Welcome to the

Alexander Outdoor Classroom



click on the form below to find out how

Volunteer Form


Social distancing doesn't mean staying inside. It does mean taking up space differently outside.

. . . social distancing actually offers Americans an ideal moment to get closer ... to nature. Many of us with the ability and means to do so have turned to the outdoors — whether by walking our dogs a little more or finding a new trail far less traveled — as an escape from a crowded home or a chance to put some emotional distance between us and the problems of the peopled world.

For nature, the last few weeks have been a chance to really show its stuff. With so much less human disruption, nature has rarely been more natural in our lifetimes. A reduction in pollution, planes and people provides us with a rare opportunity to experience a more serene environment.

Plus, there's something truly comforting in the midst of this pandemic about the fact that nature continues to go about its business. In my home state, Maine, the ice is out of the lakes, flowers are starting to bloom and the sun is hanging in the sky a little longer every evening. It really helps put the other problems of the world into perspective.

--Shawn Gorman, chairman, L.L. Bean

the outdoor classroom is open . . .

Alexander school community residents are invited to experience nature in the outdoor classroom. Please be considerate of others. The U.S. Centers for Disease Control and Prevention (CDC) requires that everyone place, at minimum, 6 feet between themselves and others at all times and limit their time out in public. When outside, we should all be steering clear of others, and especially groups, and be sure to wash our hands regularly, cover mouths when coughing or sneezing (using a tissue or your elbow, not our hands), and avoid touching the face. In the interest of keeping the outdoor classroom safe and beautiful, please carry out your trash, thank you!


Mrs. Carol Schroeder, school library aide and Master Gardener, has taken the outdoor classroom under her wing. This spring she has been busy tidying up gardens, weeding, mulching, planting, and feeding the birds. At a time when others are keeping their distance, Mrs. Schroeder's hard work is truly appreciated.

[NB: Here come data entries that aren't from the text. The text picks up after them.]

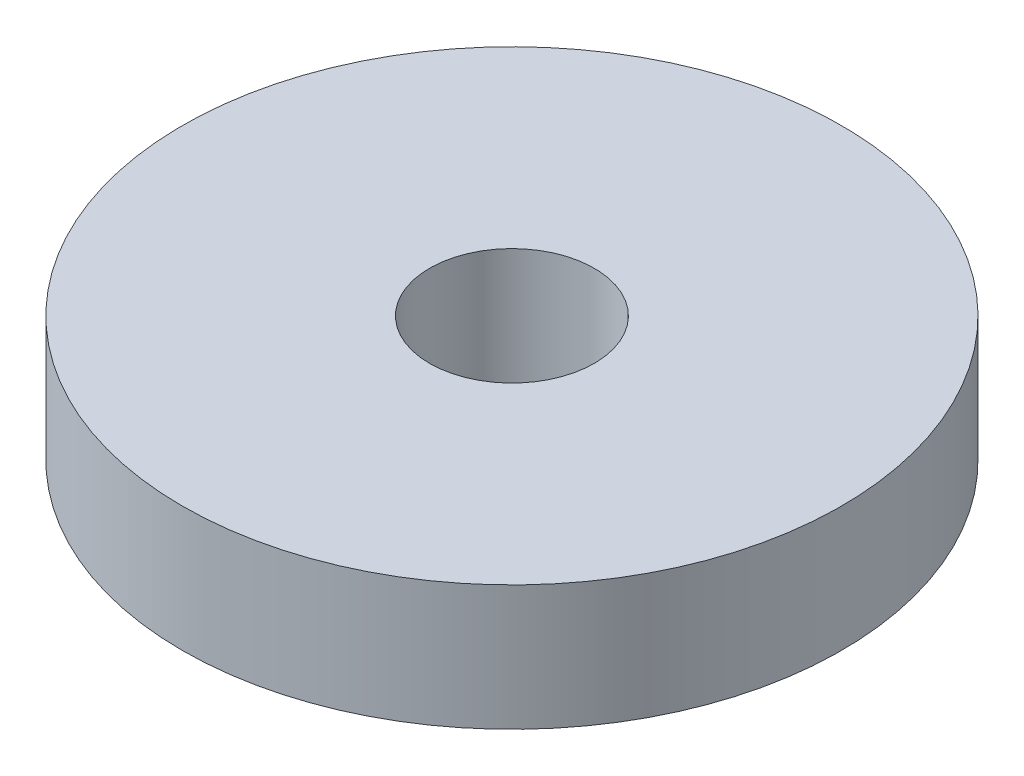
ISO-10303-21;
HEADER;
FILE_DESCRIPTION(('STEP AP214'),'2;1');
FILE_NAME('part.step','',(''),(''),'','','');
FILE_SCHEMA(('AUTOMOTIVE_DESIGN { 1 0 10303 214 1 1 1 1 }'));
ENDSEC;
DATA;
#1=APPLICATION_CONTEXT('core data for automotive mechanical design processes');
#2=APPLICATION_PROTOCOL_DEFINITION('international standard','automotive_design',2000,#1);
#3=PRODUCT_CONTEXT('',#1,'mechanical');
#4=PRODUCT('Part','Part','',(#3));
#5=PRODUCT_RELATED_PRODUCT_CATEGORY('part','',(#4));
#6=PRODUCT_DEFINITION_FORMATION('','',#4);
#7=PRODUCT_DEFINITION_CONTEXT('part definition',#1,'design');
#8=PRODUCT_DEFINITION('design','',#6,#7);
#9=PRODUCT_DEFINITION_SHAPE('','',#8);
#10=(LENGTH_UNIT() NAMED_UNIT(*) SI_UNIT(.MILLI.,.METRE.));
#11=(NAMED_UNIT(*) PLANE_ANGLE_UNIT() SI_UNIT($,.RADIAN.));
#12=(NAMED_UNIT(*) SI_UNIT($,.STERADIAN.) SOLID_ANGLE_UNIT());
#13=UNCERTAINTY_MEASURE_WITH_UNIT(LENGTH_MEASURE(1.E-05),#10,'distance_accuracy_value','');
#14=(GEOMETRIC_REPRESENTATION_CONTEXT(3) GLOBAL_UNCERTAINTY_ASSIGNED_CONTEXT((#13)) GLOBAL_UNIT_ASSIGNED_CONTEXT((#10,
#11,#12)) REPRESENTATION_CONTEXT('',''));
#15=CARTESIAN_POINT('',(0.,0.,0.));
#16=DIRECTION('',(0.,0.,1.));
#17=DIRECTION('',(1.,0.,0.));
#18=AXIS2_PLACEMENT_3D('',#15,#16,#17);
#19=CARTESIAN_POINT('',(0.,2.41,0.));
#20=DIRECTION('',(0.,1.,0.));
#21=DIRECTION('',(0.,0.,1.));
#22=AXIS2_PLACEMENT_3D('',#19,#20,#21);
#23=PLANE('',#22);
#24=CARTESIAN_POINT('',(0.,2.41,0.));
#25=DIRECTION('',(0.,1.,0.));
#26=DIRECTION('',(0.,0.,1.));
#27=AXIS2_PLACEMENT_3D('',#24,#25,#26);
#28=CIRCLE('',#27,6.35);
#29=CARTESIAN_POINT('',(0.,2.41,6.35));
#30=VERTEX_POINT('',#29);
#31=EDGE_CURVE('E10',#30,#30,#28,.T.);
#32=ORIENTED_EDGE('',*,*,#31,.T.);
#33=EDGE_LOOP('',(#32));
#34=FACE_BOUND('',#33,.T.);
#35=CARTESIAN_POINT('',(0.,2.41,0.));
#36=DIRECTION('',(0.,1.,0.));
#37=DIRECTION('',(0.,0.,1.));
#38=AXIS2_PLACEMENT_3D('',#35,#36,#37);
#39=CIRCLE('',#38,1.5875);
#40=CARTESIAN_POINT('',(0.,2.41,1.5875));
#41=VERTEX_POINT('',#40);
#42=EDGE_CURVE('E46',#41,#41,#39,.T.);
#43=ORIENTED_EDGE('',*,*,#42,.F.);
#44=EDGE_LOOP('',(#43));
#45=FACE_BOUND('',#44,.T.);
#46=ADVANCED_FACE('F35',(#34,#45),#23,.T.);
#47=CARTESIAN_POINT('',(0.,0.,0.));
#48=DIRECTION('',(0.,1.,0.));
#49=DIRECTION('',(0.,0.,1.));
#50=AXIS2_PLACEMENT_3D('',#47,#48,#49);
#51=PLANE('',#50);
#52=CARTESIAN_POINT('',(0.,0.,0.));
#53=DIRECTION('',(0.,1.,0.));
#54=DIRECTION('',(0.,0.,1.));
#55=AXIS2_PLACEMENT_3D('',#52,#53,#54);
#56=CIRCLE('',#55,6.35);
#57=CARTESIAN_POINT('',(0.,0.,6.35));
#58=VERTEX_POINT('',#57);
#59=EDGE_CURVE('E39',#58,#58,#56,.T.);
#60=ORIENTED_EDGE('',*,*,#59,.F.);
#61=EDGE_LOOP('',(#60));
#62=FACE_BOUND('',#61,.T.);
#63=CARTESIAN_POINT('',(0.,0.,0.));
#64=DIRECTION('',(0.,1.,0.));
#65=DIRECTION('',(0.,0.,1.));
#66=AXIS2_PLACEMENT_3D('',#63,#64,#65);
#67=CIRCLE('',#66,1.5875);
#68=CARTESIAN_POINT('',(0.,0.,1.5875));
#69=VERTEX_POINT('',#68);
#70=EDGE_CURVE('E48',#69,#69,#67,.T.);
#71=ORIENTED_EDGE('',*,*,#70,.T.);
#72=EDGE_LOOP('',(#71));
#73=FACE_BOUND('',#72,.T.);
#74=ADVANCED_FACE('F58',(#62,#73),#51,.F.);
#75=CARTESIAN_POINT('',(0.,2.41,0.));
#76=DIRECTION('',(0.,-1.,0.));
#77=DIRECTION('',(0.,0.,-1.));
#78=AXIS2_PLACEMENT_3D('',#75,#76,#77);
#79=CYLINDRICAL_SURFACE('',#78,6.35);
#80=ORIENTED_EDGE('',*,*,#31,.F.);
#81=EDGE_LOOP('',(#80));
#82=FACE_BOUND('',#81,.T.);
#83=ORIENTED_EDGE('',*,*,#59,.T.);
#84=EDGE_LOOP('',(#83));
#85=FACE_BOUND('',#84,.T.);
#86=ADVANCED_FACE('F37',(#82,#85),#79,.T.);
#87=CARTESIAN_POINT('',(0.,2.41,0.));
#88=DIRECTION('',(0.,-1.,0.));
#89=DIRECTION('',(0.,0.,-1.));
#90=AXIS2_PLACEMENT_3D('',#87,#88,#89);
#91=CYLINDRICAL_SURFACE('',#90,1.5875);
#92=ORIENTED_EDGE('',*,*,#42,.T.);
#93=EDGE_LOOP('',(#92));
#94=FACE_BOUND('',#93,.T.);
#95=ORIENTED_EDGE('',*,*,#70,.F.);
#96=EDGE_LOOP('',(#95));
#97=FACE_BOUND('',#96,.T.);
#98=ADVANCED_FACE('F54',(#94,#97),#91,.F.);
#99=CLOSED_SHELL('',(#46,#74,#86,#98));
#100=MANIFOLD_SOLID_BREP('B2',#99);
#101=ADVANCED_BREP_SHAPE_REPRESENTATION('',(#18,#100),#14);
#102=SHAPE_DEFINITION_REPRESENTATION(#9,#101);
ENDSEC;
END-ISO-10303-21;

The pictures below show Mrs. Schroeder and friends working and exploring in the outdoor classroom recently.

Thank you, ladies, for releasing the butterflies in our butterfly garden.


The Alexander Outdoor Classroom is a place to play, learn, and enjoy nature.


Take a walk on the fitness path, use the fitness stations, and enjoy a story on our Storywalk.

Check out the "Teacher Resources" drop down at the top of the page for ways you can use the outdoor classroom this summer and all year long. Find out why it is important for you and your children to spend time outside.

Check out the booklet "BE OUT THERE" for additional ideas.


For the past three summers the outdoor classroom has included as one of the stations that comprised the district's summer recreation program. An average of about 80 students in grades kindergarten through sixth grade visited the site Monday through Thursday to enjoy the outdoor classroom stations and to take part in a variety of activities, including arts and crafts, cooking, and tending the raised beds. This year we were pleased to have some visiting experts. An educator from Reinstein Woods Environmental Education Center taught a lesson about frogs. She was able to include in her lesson frogs she found in our outdoor classroom! Erin Saile, owner of "Porcelain Pig Ceramics," brought ceramic pieces for the kids to paint. She returned on a second day to help the kids to create nature plaques by pressing objects found in nature into clay. Mrs. Saile then fired the pieces in her shop. The kids were thrilled with the beautiful pieces they were able to take home. Dan Klinczar, district instrumental music teacher, had kids creating rhythms, using "Boom Whackers" and rhythm sticks while moving about some of the outdoor classroom stations.

The theme for the last week of the program was "Farm to Table." Participants in the summer recreation program sat down together to eat a lunch that they prepared using fruits and vegetables from local farmers. Tables were set up in the outdoor classroom decorated with floral arrangements and place mats created by the kids. Also on the tables were the children's ceramic plates and cups. What a memorable way to end our summer program!


My Movie.wmv

Creating with clay.

Farm to table lunch.


Funding from the PEP great allowed us to add five fitness stations adjacent to the fitness path.


Mrs. Erica Swinehart's middle school reading class with the assistance of Mrs. Kristie Miller, school media specialist, has created a StoryWalk in the outdoor classroom. A StoryWalk is a book that has been disassembled, laminated and presented page by page on a trail, bike path, or walkway to promote reading and exercise. Our StoryWalk follows the path that surrounds the meadow at the rear of the outdoor classroom. Stories will change periodically.